# red bank



## JapaneseZero (Jul 27, 2009)

Hey all... I'll be in Red Bank this weekend for a wedding. What kind of tackle should i bring to toss lures from shore? I'll be bringing a 8'6" 1oz rod and a 4000 size reel. flounder? blues? stripers? Thanks for the info!


----------



## Lickinfrogs (Mar 12, 2006)

Your best bet would probably be bucktails and gulp, for fluke, or bloods for kings and weakfish.


----------



## SALTSHAKER (Dec 5, 2002)

for the king fish get ya some gulp blood worms. Being here for a wedding a lot less problems with keeping bloods on ice etc... the bucktail with even a half a gulp blood to sweeten it will work on the fluke also.
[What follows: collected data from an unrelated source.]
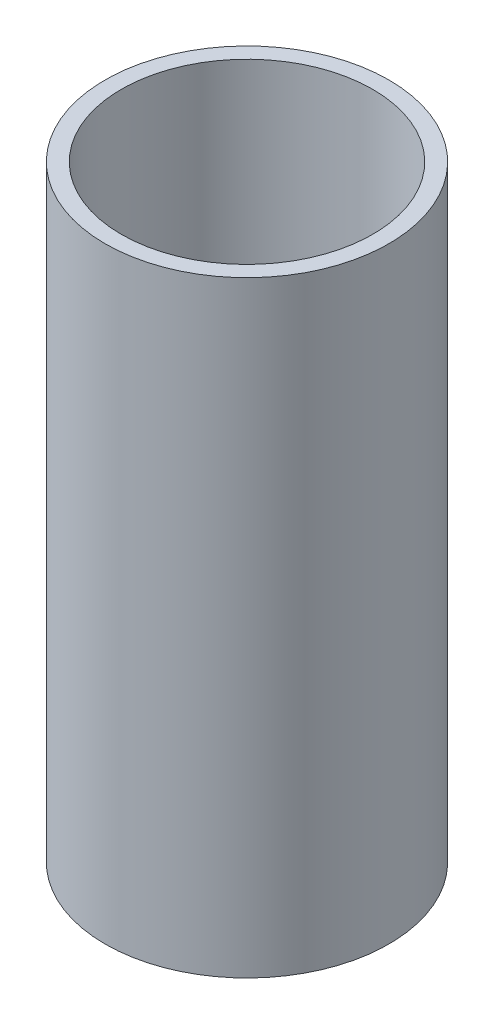
ISO-10303-21;
HEADER;
FILE_DESCRIPTION(('STEP AP214'),'2;1');
FILE_NAME('part.step','',(''),(''),'','','');
FILE_SCHEMA(('AUTOMOTIVE_DESIGN { 1 0 10303 214 1 1 1 1 }'));
ENDSEC;
DATA;
#1=APPLICATION_CONTEXT('core data for automotive mechanical design processes');
#2=APPLICATION_PROTOCOL_DEFINITION('international standard','automotive_design',2000,#1);
#3=PRODUCT_CONTEXT('',#1,'mechanical');
#4=PRODUCT('Part','Part','',(#3));
#5=PRODUCT_RELATED_PRODUCT_CATEGORY('part','',(#4));
#6=PRODUCT_DEFINITION_FORMATION('','',#4);
#7=PRODUCT_DEFINITION_CONTEXT('part definition',#1,'design');
#8=PRODUCT_DEFINITION('design','',#6,#7);
#9=PRODUCT_DEFINITION_SHAPE('','',#8);
#10=(LENGTH_UNIT() NAMED_UNIT(*) SI_UNIT(.MILLI.,.METRE.));
#11=(NAMED_UNIT(*) PLANE_ANGLE_UNIT() SI_UNIT($,.RADIAN.));
#12=(NAMED_UNIT(*) SI_UNIT($,.STERADIAN.) SOLID_ANGLE_UNIT());
#13=UNCERTAINTY_MEASURE_WITH_UNIT(LENGTH_MEASURE(1.E-05),#10,'distance_accuracy_value','');
#14=(GEOMETRIC_REPRESENTATION_CONTEXT(3) GLOBAL_UNCERTAINTY_ASSIGNED_CONTEXT((#13)) GLOBAL_UNIT_ASSIGNED_CONTEXT((#10,
#11,#12)) REPRESENTATION_CONTEXT('',''));
#15=CARTESIAN_POINT('',(0.,0.,0.));
#16=DIRECTION('',(0.,0.,1.));
#17=DIRECTION('',(1.,0.,0.));
#18=AXIS2_PLACEMENT_3D('',#15,#16,#17);
#19=CARTESIAN_POINT('',(0.,128.235622741683,0.));
#20=DIRECTION('',(0.,-1.,0.));
#21=DIRECTION('',(0.,0.,-1.));
#22=AXIS2_PLACEMENT_3D('',#19,#20,#21);
#23=CYLINDRICAL_SURFACE('',#22,30.);
#24=CARTESIAN_POINT('',(0.,128.235622741683,0.));
#25=DIRECTION('',(0.,1.,0.));
#26=DIRECTION('',(0.,0.,1.));
#27=AXIS2_PLACEMENT_3D('',#24,#25,#26);
#28=CIRCLE('',#27,30.);
#29=CARTESIAN_POINT('',(0.,128.235622741683,30.));
#30=VERTEX_POINT('',#29);
#31=EDGE_CURVE('E10',#30,#30,#28,.T.);
#32=ORIENTED_EDGE('',*,*,#31,.F.);
#33=EDGE_LOOP('',(#32));
#34=FACE_BOUND('',#33,.T.);
#35=CARTESIAN_POINT('',(0.,0.,0.));
#36=DIRECTION('',(0.,1.,0.));
#37=DIRECTION('',(0.,0.,1.));
#38=AXIS2_PLACEMENT_3D('',#35,#36,#37);
#39=CIRCLE('',#38,30.);
#40=CARTESIAN_POINT('',(0.,0.,30.));
#41=VERTEX_POINT('',#40);
#42=EDGE_CURVE('E37',#41,#41,#39,.T.);
#43=ORIENTED_EDGE('',*,*,#42,.T.);
#44=EDGE_LOOP('',(#43));
#45=FACE_BOUND('',#44,.T.);
#46=ADVANCED_FACE('F40',(#34,#45),#23,.T.);
#47=CARTESIAN_POINT('',(0.,128.235622741683,0.));
#48=DIRECTION('',(0.,1.,0.));
#49=DIRECTION('',(0.,0.,1.));
#50=AXIS2_PLACEMENT_3D('',#47,#48,#49);
#51=PLANE('',#50);
#52=CARTESIAN_POINT('',(0.,128.235622741683,0.));
#53=DIRECTION('',(0.,1.,0.));
#54=DIRECTION('',(0.,0.,1.));
#55=AXIS2_PLACEMENT_3D('',#52,#53,#54);
#56=CIRCLE('',#55,26.5741252812563);
#57=CARTESIAN_POINT('',(0.,128.235622741683,26.5741252812563));
#58=VERTEX_POINT('',#57);
#59=EDGE_CURVE('E50',#58,#58,#56,.T.);
#60=ORIENTED_EDGE('',*,*,#59,.F.);
#61=EDGE_LOOP('',(#60));
#62=FACE_BOUND('',#61,.T.);
#63=ORIENTED_EDGE('',*,*,#31,.T.);
#64=EDGE_LOOP('',(#63));
#65=FACE_BOUND('',#64,.T.);
#66=ADVANCED_FACE('F59',(#62,#65),#51,.T.);
#67=CARTESIAN_POINT('',(0.,0.,0.));
#68=DIRECTION('',(0.,1.,0.));
#69=DIRECTION('',(0.,0.,1.));
#70=AXIS2_PLACEMENT_3D('',#67,#68,#69);
#71=PLANE('',#70);
#72=CARTESIAN_POINT('',(0.,0.,0.));
#73=DIRECTION('',(0.,1.,0.));
#74=DIRECTION('',(0.,0.,1.));
#75=AXIS2_PLACEMENT_3D('',#72,#73,#74);
#76=CIRCLE('',#75,26.5741252812563);
#77=CARTESIAN_POINT('',(0.,0.,26.5741252812563));
#78=VERTEX_POINT('',#77);
#79=EDGE_CURVE('E47',#78,#78,#76,.T.);
#80=ORIENTED_EDGE('',*,*,#79,.T.);
#81=EDGE_LOOP('',(#80));
#82=FACE_BOUND('',#81,.T.);
#83=ORIENTED_EDGE('',*,*,#42,.F.);
#84=EDGE_LOOP('',(#83));
#85=FACE_BOUND('',#84,.T.);
#86=ADVANCED_FACE('F58',(#82,#85),#71,.F.);
#87=CARTESIAN_POINT('',(0.,128.235622741683,0.));
#88=DIRECTION('',(0.,-1.,0.));
#89=DIRECTION('',(0.,0.,-1.));
#90=AXIS2_PLACEMENT_3D('',#87,#88,#89);
#91=CYLINDRICAL_SURFACE('',#90,26.5741252812563);
#92=ORIENTED_EDGE('',*,*,#59,.T.);
#93=EDGE_LOOP('',(#92));
#94=FACE_BOUND('',#93,.T.);
#95=ORIENTED_EDGE('',*,*,#79,.F.);
#96=EDGE_LOOP('',(#95));
#97=FACE_BOUND('',#96,.T.);
#98=ADVANCED_FACE('F54',(#94,#97),#91,.F.);
#99=CLOSED_SHELL('',(#46,#66,#86,#98));
#100=MANIFOLD_SOLID_BREP('B2',#99);
#101=ADVANCED_BREP_SHAPE_REPRESENTATION('',(#18,#100),#14);
#102=SHAPE_DEFINITION_REPRESENTATION(#9,#101);
ENDSEC;
END-ISO-10303-21;

Fish around the jettys to start and then work you way up the beach, mostly like you would fish em in VA I reckon.... salt


----------



## JapaneseZero (Jul 27, 2009)

Thanks for the replies... I'll be right by the 35 bridge and from google maps i dont really see anything resembling a jetty. Mostly boat slips. I should be good to go then with my gear...


----------



## SALTSHAKER (Dec 5, 2002)

if you are that close and have the time, take 35 south to route 36 and head east bout six miles and you run into the beach in Long Branch and there is some pretty fine fishing water there. If you have the time.... you may also check before you go to nj to go on line and get the registration for fishing in nj , it is free and you can print it out... good luck.... salt...


----------